Morgan glared at him for several seconds before he spoke again. “You know Thadeus wouldn’t approve of this.”

Jack felt a tick begin in his jaw as he thought about old Thadeus. He’d been a kind, gentle man. A physician by trade and a sailor by choice, Thadeus had befriended Jack after he’d escaped and signed on to sail with Robert Dreck’s pirate crew. When Robert had retired from piracy, the old man had chosen to sail with a merchant ship. A merchant ship that had turned Patriot at the outbreak of this bloody damn war. A ship Wallingford had captured eight months ago.

He’d been looking for the bastard ever since.

His eyes hard, he snarled at Morgan. “I’m sure Thadeus didn’t approve of being tied to the main mast of the
White Dove
while Wallingford set fire to it, either.”

Jack tried to step past Morgan, but Morgan grabbed his good arm and turned him back to face him. “I know you loved the old man, Jack. But let it go before you get killed.”
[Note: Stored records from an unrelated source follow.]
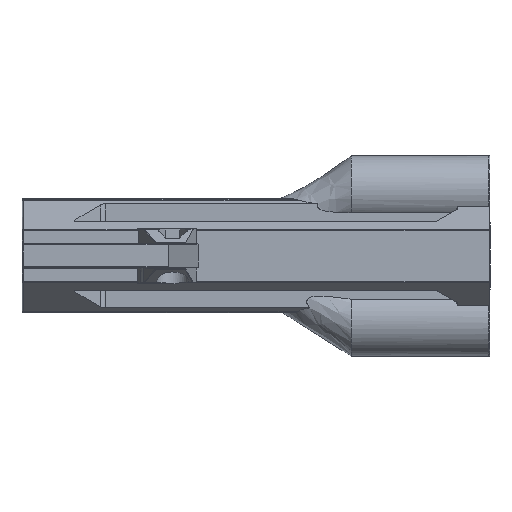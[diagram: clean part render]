
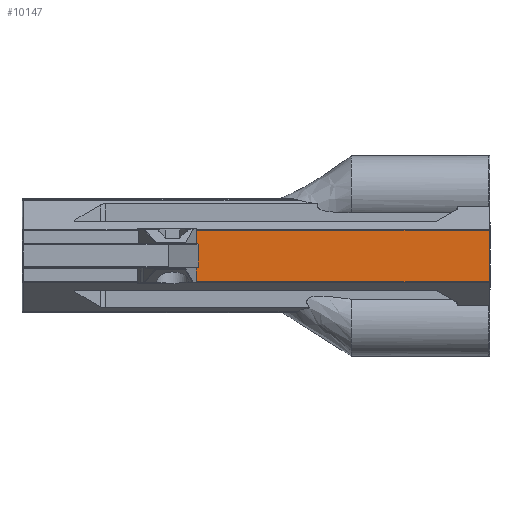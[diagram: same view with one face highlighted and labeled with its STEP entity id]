
A CAD part, front view. The second image highlights one B-rep face of the part: STEP entity #10147.
In plain terms, the highlighted planar face has unit normal (0, -1, 0).
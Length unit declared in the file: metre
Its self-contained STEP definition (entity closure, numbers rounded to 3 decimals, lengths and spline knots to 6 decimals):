
#755=B_SPLINE_CURVE_WITH_KNOTS('',3,(#16161,#16162,#16163,#16164),
 .UNSPECIFIED.,.F.,.F.,(4,4),(0.,0.999892),.UNSPECIFIED.);
#756=B_SPLINE_CURVE_WITH_KNOTS('',3,(#16166,#16167,#16168,#16169),
 .UNSPECIFIED.,.F.,.F.,(4,4),(0.,0.999714),
 .UNSPECIFIED.);
#1647=ORIENTED_EDGE('',*,*,#4641,.F.);
#1648=ORIENTED_EDGE('',*,*,#4642,.T.);
#1649=ORIENTED_EDGE('',*,*,#4643,.T.);
#1650=ORIENTED_EDGE('',*,*,#4644,.T.);
#1651=ORIENTED_EDGE('',*,*,#4645,.T.);
#1652=ORIENTED_EDGE('',*,*,#4646,.T.);
#1653=ORIENTED_EDGE('',*,*,#4647,.T.);
#1654=ORIENTED_EDGE('',*,*,#4648,.T.);
#1655=ORIENTED_EDGE('',*,*,#4649,.T.);
#1656=ORIENTED_EDGE('',*,*,#4650,.F.);
#4641=EDGE_CURVE('',#5697,#6129,#6944,.T.);
#4642=EDGE_CURVE('',#5697,#6130,#755,.T.);
#4643=EDGE_CURVE('',#6130,#6131,#756,.T.);
#4644=EDGE_CURVE('',#6131,#6132,#6945,.T.);
#4645=EDGE_CURVE('',#6132,#6133,#6946,.T.);
#4646=EDGE_CURVE('',#6133,#6134,#6947,.T.);
#4647=EDGE_CURVE('',#6134,#6135,#6948,.T.);
#4648=EDGE_CURVE('',#6135,#6136,#6949,.T.);
#4649=EDGE_CURVE('',#6136,#6137,#6950,.T.);
#4650=EDGE_CURVE('',#6129,#6137,#6951,.T.);
#5697=VERTEX_POINT('',#14238);
#6129=VERTEX_POINT('',#16160);
#6130=VERTEX_POINT('',#16165);
#6131=VERTEX_POINT('',#16170);
#6132=VERTEX_POINT('',#16172);
#6133=VERTEX_POINT('',#16174);
#6134=VERTEX_POINT('',#16176);
#6135=VERTEX_POINT('',#16178);
#6136=VERTEX_POINT('',#16180);
#6137=VERTEX_POINT('',#16182);
#6944=LINE('',#16159,#7844);
#6945=LINE('',#16171,#7845);
#6946=LINE('',#16173,#7846);
#6947=LINE('',#16175,#7847);
#6948=LINE('',#16177,#7848);
#6949=LINE('',#16179,#7849);
#6950=LINE('',#16181,#7850);
#6951=LINE('',#16183,#7851);
#7844=VECTOR('',#12353,1.);
#7845=VECTOR('',#12354,1.);
#7846=VECTOR('',#12355,1.);
#7847=VECTOR('',#12356,1.);
#7848=VECTOR('',#12357,1.);
#7849=VECTOR('',#12358,1.);
#7850=VECTOR('',#12359,1.);
#7851=VECTOR('',#12360,1.);
#8587=EDGE_LOOP('',(#1647,#1648,#1649,#1650,#1651,#1652,#1653,#1654,#1655,
#1656));
#9244=FACE_BOUND('',#8587,.T.);
#9812=PLANE('',#11256);
#10147=ADVANCED_FACE('',(#9244),#9812,.T.);
#11256=AXIS2_PLACEMENT_3D('',#16158,#12351,#12352);
#12351=DIRECTION('',(0.,-1.,0.));
#12352=DIRECTION('',(1.,0.,0.));
#12353=DIRECTION('',(0.,0.,1.));
#12354=DIRECTION('',(1.,0.,0.));
#12355=DIRECTION('',(0.,0.,-1.));
#12356=DIRECTION('',(1.,0.,0.));
#12357=DIRECTION('',(0.,0.,1.));
#12358=DIRECTION('',(-1.,0.,0.));
#12359=DIRECTION('',(0.,0.,-1.));
#12360=DIRECTION('',(1.,0.,0.));
#14238=CARTESIAN_POINT('',(-0.391838,-0.04863,-0.153527));
#16158=CARTESIAN_POINT('',(-0.303847,-0.04863,-0.14773));
#16159=CARTESIAN_POINT('',(-0.391838,-0.04863,-0.14773));
#16160=CARTESIAN_POINT('',(-0.391838,-0.04863,-0.14773));
#16161=CARTESIAN_POINT('',(-0.391838,-0.04863,-0.153527));
#16162=CARTESIAN_POINT('',(-0.391784,-0.04863,-0.153559));
#16163=CARTESIAN_POINT('',(-0.391735,-0.04863,-0.153579));
#16164=CARTESIAN_POINT('',(-0.391683,-0.04863,-0.153579));
#16165=CARTESIAN_POINT('',(-0.391683,-0.048629,-0.153579));
#16166=CARTESIAN_POINT('',(-0.391683,-0.04863,-0.153579));
#16167=CARTESIAN_POINT('',(-0.391683,-0.04863,-0.15412));
#16168=CARTESIAN_POINT('',(-0.391683,-0.04863,-0.15466));
#16169=CARTESIAN_POINT('',(-0.391683,-0.04863,-0.155201));
#16170=CARTESIAN_POINT('',(-0.391683,-0.048629,-0.155201));
#16171=CARTESIAN_POINT('',(-0.303847,-0.04863,-0.155201));
#16172=CARTESIAN_POINT('',(-0.391592,-0.04863,-0.155201));
#16173=CARTESIAN_POINT('',(-0.391592,-0.04863,-0.14773));
#16174=CARTESIAN_POINT('',(-0.391592,-0.04863,-0.159542));
#16175=CARTESIAN_POINT('',(-0.303847,-0.04863,-0.159542));
#16176=CARTESIAN_POINT('',(-0.300049,-0.04863,-0.159542));
#16177=CARTESIAN_POINT('',(-0.300049,-0.04863,-0.143424));
#16178=CARTESIAN_POINT('',(-0.300049,-0.04863,-0.143389));
#16179=CARTESIAN_POINT('',(-0.303847,-0.04863,-0.143389));
#16180=CARTESIAN_POINT('',(-0.391592,-0.04863,-0.143389));
#16181=CARTESIAN_POINT('',(-0.391592,-0.04863,-0.14773));
#16182=CARTESIAN_POINT('',(-0.391592,-0.04863,-0.14773));
#16183=CARTESIAN_POINT('',(-0.391838,-0.04863,-0.14773));

Grimacing, Jack wrenched his arm free. “Let it go? This from a man out to destroy Isaiah Winston? How long have you been after that bastard?”

“That’s different. He murdered my father.”

“What the hell do you think Thadeus was to me?” How he hated hearing the pain in his voice. Jack prided himself on the fact that nothing ever touched him. But Thadeus had. In a life filled with pain, Thadeus had been the only salve he’d ever known. The old man’s wisdom and kindness had been the only thing that kept Jack whole and sane.

There were times he hated the old man for not joining his crew. If he had, he’d be safe now. Instead, Thadeus had joined those damned Patriots and gotten himself taken.

There had been no survivors. Wallingford had ordered his crew to shoot any man who escaped the flames.

Morgan and Jack stood there glaring at each other until Morgan finally sighed. “I’m sorry, Jack. I truly am. But this won’t give you peace any more than getting yourself killed will bring Thadeus back.”